Physicists in the Mid-Atlantic region received an email on June 4 asking if they would be interested in joining a new section. When the section’s Organizing Committee met 19 days later to draft their by-laws, they had received more than 250 electronic signatures, passing the 200 signature threshold to prompt a Council vote.
The Mid-Atlantic States have been without their own section in part because there are so many research centers and society headquarters in the region. For many years in APS history, the March and April meetings were both held in the region.
“There’s such a dense population of our members in this area and other opportunities for networking and collaborating there was never a grass roots movement to get [a section] started,” Lettieri said. “No one ever took the initiative to start it because there were other avenues of collaboration.”
Sectional meetings have long been popular with researchers with small travel budgets.
“It will benefit the students in the area to give them the same opportunity as the rest of the country,” Lettieri said. She added that section meetings are often the first meetings where undergraduate students present research, in part because of the low travel costs associated with a close-by meeting.
The organizing committee is gearing up to recruit new members.
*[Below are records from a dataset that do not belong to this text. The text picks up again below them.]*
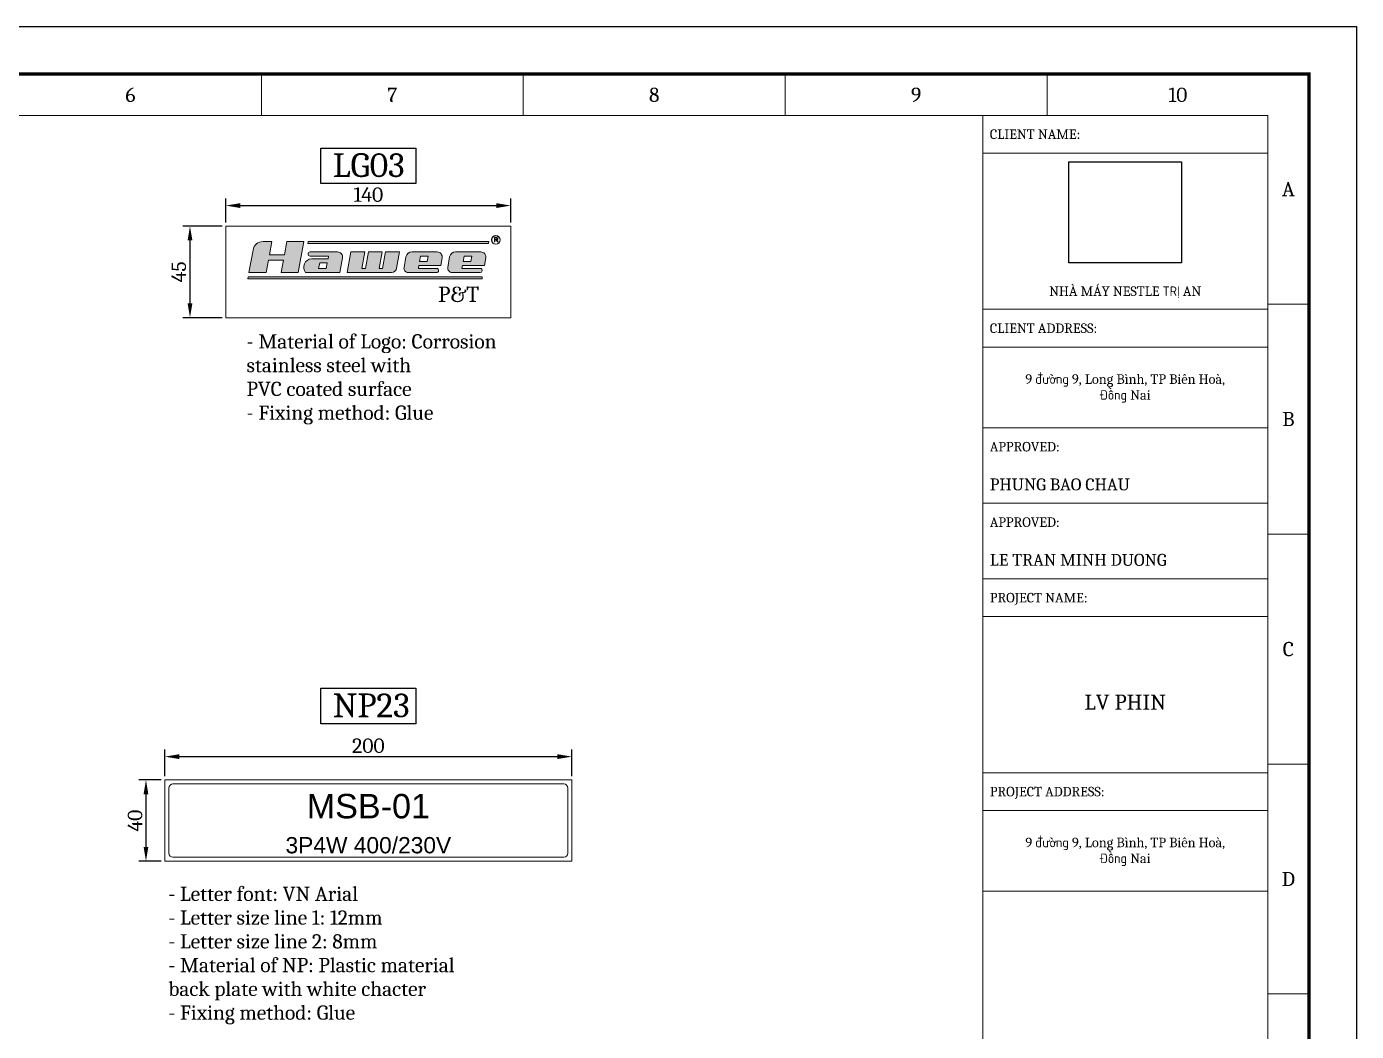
# Model space of a CAD drawing. Header units: millimetres. Extents: x -116965 to 323937, y 291661 to 566926.
# Drawn here: x -62800 to -58880, y 326530 to 329491 of the extents above; entities that cross this region are included whole.
import ezdxf
from ezdxf.enums import TextEntityAlignment as Align

# ---------------------------------------------------------------- set-up
doc = ezdxf.new("R2010")
doc.units = ezdxf.units.MM
doc.header["$PDMODE"] = 35
doc.layers.get('0').update_dxf_attribs({"lineweight": 18})
doc.styles.add('hwBorder', font='Cambria.ttf')
doc.styles.add('hwTech', font='Cambria.ttf')
doc.styles.add('style4', font='', dxfattribs={"height": 12})
doc.styles.add('style5', font='', dxfattribs={"height": 8})
doc.styles.get('style4').set_extended_font_data('VnArial')
doc.styles.get('style5').set_extended_font_data('VnArial')
doc.dimstyles.new('hwTech-1.4', dxfattribs={"dimscale": 17, "dimtxt": 2.5, "dimasz": 2.5, "dimexe": 1.25, "dimexo": 0.625, "dimtad": 1, "dimtxsty": 'hwTech', "dimcen": 2.5, "dimclrd": 3, "dimclre": 3, "dimclrt": 3, "dimadec": 0, "dimazin": 0, "dimtfac": 1, "dimtmove": 0, "dimatfit": 3, "dimfxl": 1, "dimarcsym": 0})
picture_1 = doc.add_image_def('image1.png', size_in_pixel=(430, 385))

# ---------------------------------------------------------------- blocks, each defined once
blk = doc.blocks.new('*U1980')
at = {"color": 5}
for p, q in [((175.41, 198.62), (175.41, 194.28)), ((202.98, 198.62), (202.98, 194.28)), ((230.54, 198.62), (230.54, 194.28)), ((258.11, 198.62), (258.11, 194.28)), ((285.68, 174.42), (281.34, 174.42)), ((285.68, 150.22), (281.34, 150.22)), ((285.68, 126.01), (281.34, 126.01)), ((285.68, 101.81), (281.34, 101.81))]:
    blk.add_line(p, q, dxfattribs=at)
at = {"color": 5, "const_width": 0.35}
blk.add_lwpolyline([(10, 198.62), (285.68, 198.62), (285.68, 5), (10, 5)], close=True, dxfattribs=at)
at = {"color": 5}
for points in [[(14.34, 194.28), (281.34, 194.28), (281.34, 9.34), (14.34, 9.34)], [(251.34, 194.28), (281.34, 194.28), (281.34, 190.31), (251.34, 190.31)], [(251.34, 190.31), (281.34, 190.31), (281.34, 173.87), (251.34, 173.87)], [(251.34, 173.87), (281.34, 173.87), (281.34, 169.9), (251.34, 169.9)], [(251.34, 173.87), (281.34, 173.87), (281.34, 169.9), (251.34, 169.9)], [(251.34, 169.9), (281.34, 169.9), (281.34, 153.45), (251.34, 153.45)], [(251.34, 169.9), (281.34, 169.9), (281.34, 161.4), (251.34, 161.4)], [(251.34, 161.4), (281.34, 161.4), (281.34, 153.45), (251.34, 153.45)], [(251.34, 153.45), (281.34, 153.45), (281.34, 145.51), (251.34, 145.51)], [(251.34, 145.51), (281.34, 145.51), (281.34, 141.54), (251.34, 141.54)], [(251.34, 141.54), (281.34, 141.54), (281.34, 125.1), (251.34, 125.1)], [(251.34, 125.1), (281.34, 125.1), (281.34, 121.12), (251.34, 121.12)], [(251.34, 121.12), (281.34, 121.12), (281.34, 112.63), (251.34, 112.63)], [(251.34, 92.76), (281.34, 92.76), (281.34, 112.63), (251.34, 112.63)]]:
    blk.add_lwpolyline(points, close=True, dxfattribs=at)
at = {"layer": 'Defpoints', "color": 4}
blk.add_lwpolyline([(0, 203.62), (290.68, 203.62), (290.68, 0), (0, 0)], close=True, dxfattribs=at)
at = {"color": 253, "style": 'hwBorder'}
for s, p in [('6', (161.62, 196.45)), ('7', (189.19, 196.45)), ('8', (216.76, 196.45)), ('9', (244.33, 196.45)), ('10', (271.89, 196.45)), ('A', (283.51, 186.52)), ('B', (283.51, 162.32)), ('C', (283.51, 138.11)), ('D', (283.51, 113.91))]:
    blk.add_text(s, height=1.5, dxfattribs=at).set_placement(p, align=Align.MIDDLE_CENTER)
for s, height, p in [('CLIENT NAME:', 1, (252.09, 192.3)), ('CLIENT ADDRESS:', 1, (252.09, 171.88)), ('APPROVED:', 1, (252.09, 159.41)), ('PHUNG BAO CHAU', 1.25, (252.09, 155.44)), ('APPROVED:', 1, (252.09, 151.47)), ('LE TRAN MINH DUONG', 1.25, (252.09, 147.5)), ('PROJECT NAME:', 1, (252.09, 143.52)), ('PROJECT ADDRESS:', 1, (252.09, 123.11))]:
    blk.add_text(s, height=height, dxfattribs=at).set_placement(p, align=Align.MIDDLE_LEFT)
at = {"color": 253, "insert": (266.34, 175.67), "char_height": 1, "attachment_point": 5, "style": 'hwBorder'}
blk.add_mtext_dynamic_manual_height_columns('NHÀ MÁY NESTLE TRỊ AN', width=20.9263, gutter_width=12.5, heights=[0], dxfattribs=at)
at = {"color": 253, "char_height": 1, "width": 30, "attachment_point": 5, "style": 'hwBorder'}
for insert in [(266.34, 165.54), (266.34, 116.77)]:
    blk.add_mtext('9 đường 9, Long Bình, TP Biên Hoà,\\PĐồng Nai', dxfattribs=dict(at, insert=insert))
at = {"color": 253, "insert": (266.34, 132.52), "char_height": 1.6, "width": 30, "attachment_point": 5, "line_spacing_factor": 0.75, "style": 'hwBorder'}
blk.add_mtext('LV PHIN', dxfattribs=at)
at = {"color": 6, "style": 'hwBorder', "flags": 8}
for tag, p in [("DWG'SNAME", (266.34, 59)), ("DWG'SCODE2", (266.34, 51.05))]:
    blk.add_attdef(tag, text='', height=1.5, dxfattribs=at).set_placement(p, align=Align.MIDDLE_CENTER)
at = {"color": 253, "style": 'hwBorder', "flags": 8}
for tag, p in [('REV_0', (253.34, 43.79)), ('REV_MODIFY0', (264.34, 44.1)), ('REV_DATE0', (277.34, 44.1)), ('REV_1', (253.34, 40.48)), ('REV_MODIFY1', (264.34, 40.79)), ('REV_DATE1', (277.34, 40.79)), ('REV_MODIFY2', (264.34, 37.48)), ('REV_DATE2', (277.34, 37.48)), ('REV_2', (253.34, 37.17)), ('REV_3', (253.34, 33.86)), ('REV_MODIFY3', (264.34, 34.17)), ('REV_DATE3', (277.34, 34.17)), ('REV_4', (253.34, 30.55)), ('REV_MODIFY4', (264.34, 30.86)), ('REV_DATE4', (277.34, 30.86))]:
    blk.add_attdef(tag, text='', height=1, dxfattribs=at).set_placement(p, align=Align.MIDDLE_CENTER)
at = {"color": 6, "style": 'hwBorder', "flags": 8}
for tag, p in [('TOLERANCE', (261.54, 27.22)), ('PAGE', (259.34, 15.3))]:
    blk.add_attdef(tag, text='', height=1.5, dxfattribs=at).set_placement(p, align=Align.MIDDLE_LEFT)
at = {"lineweight": -3, "ltscale": 5}
image = blk.add_image(picture_1, insert=(260.4, 178.75), size_in_units=(11.87, 10.63), dxfattribs=at)
image.dxf.flags = 7
blk = doc.blocks.new('*D442')
at = {"color": 3, "lineweight": -2, "transparency": 16777216}
for p, q in [((-62403, 327271.2), (-62469.1, 327271.2)), ((-62447.8, 327228.7), (-62447.8, 327073.7)), ((-62403, 327031.2), (-62469.1, 327031.2))]:
    blk.add_line(p, q, dxfattribs=at)
at = {"color": 3, "lineweight": -3, "transparency": 16777216}
for points in [[(-62454.9, 327228.7), (-62440.8, 327228.7), (-62447.8, 327271.2)], [(-62454.9, 327073.7), (-62440.8, 327073.7), (-62447.8, 327031.2)]]:
    blk.add_solid(points, dxfattribs=at)
at = {"layer": 'Defpoints', "color": 0, "lineweight": -3, "transparency": 16777216}
for p in [(-62392.3, 327271.2), (-62447.8, 327031.2), (-62392.3, 327031.2)]:
    blk.add_point(p, dxfattribs=at)
at = {"color": 3, "transparency": 16777216, "insert": (-62480, 327151.2), "char_height": 42.5, "attachment_point": 5, "rotation": 90, "style": 'hwTech'}
blk.add_mtext('40', dxfattribs=at)
blk = doc.blocks.new('*D443')
at = {"color": 3, "lineweight": -2, "transparency": 16777216}
for p, q in [((-62392.3, 327281.8), (-62392.3, 327360.9)), ((-62349.8, 327339.6), (-61234.8, 327339.6)), ((-61192.3, 327281.8), (-61192.3, 327360.9))]:
    blk.add_line(p, q, dxfattribs=at)
at = {"color": 3, "lineweight": -3, "transparency": 16777216}
for points in [[(-62349.8, 327346.7), (-62349.8, 327332.6), (-62392.3, 327339.6)], [(-61234.8, 327346.7), (-61234.8, 327332.6), (-61192.3, 327339.6)]]:
    blk.add_solid(points, dxfattribs=at)
at = {"layer": 'Defpoints', "color": 0, "lineweight": -3, "transparency": 16777216}
for p in [(-61192.3, 327339.6), (-62392.3, 327271.2), (-61192.3, 327271.2)]:
    blk.add_point(p, dxfattribs=at)
at = {"color": 3, "transparency": 16777216, "insert": (-61792.3, 327371.8), "char_height": 42.5, "attachment_point": 5, "style": 'hwTech'}
blk.add_mtext('200', dxfattribs=at)
blk = doc.blocks.new('TÊN TỦ SIZE 03')
for p, q in [((2, 36), (2, 4)), ((196, 38), (4, 38)), ((198, 4), (198, 36)), ((4, 2), (196, 2))]:
    blk.add_line(p, q)
blk.add_lwpolyline([(200, 0), (200, 40), (0, 40), (0, 0)], close=True)
for centre, start, end in [((4, 36), 90, 180), ((196, 36), 0, 90), ((4, 4), 180, 270), ((196, 4), 270, 0)]:
    blk.add_arc(centre, 2, start, end)
for tag, height, style, p in [('MSB-01', 12, 'style4', (100, 21.1)), ('3P4W400/230V', 8, 'style5', (100, 3.92))]:
    blk.add_attdef(tag, text='', height=height, dxfattribs=dict(style=style)).set_placement(p, align=Align.CENTER)
blk = doc.blocks.new('*U415')
h = blk.add_hatch(color=5)
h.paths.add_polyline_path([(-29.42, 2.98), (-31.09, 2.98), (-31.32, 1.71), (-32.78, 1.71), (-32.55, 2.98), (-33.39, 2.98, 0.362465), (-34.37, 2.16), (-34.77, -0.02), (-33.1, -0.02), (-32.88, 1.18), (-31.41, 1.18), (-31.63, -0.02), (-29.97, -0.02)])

Next year’s March Meeting will be in Baltimore, and the committee is planning a reception there to raise awareness and attract more local physicists to its ranks.
“We want to get the section up and running, and get more members,” Schlamminger said. “I think it will be a good opportunity to connect scientists and carry out the APS mission in a small region.”
If all goes according to plan, the new section will elect its officers in 2013, and will host its first meeting in the Fall of 2014, likely at Penn State University.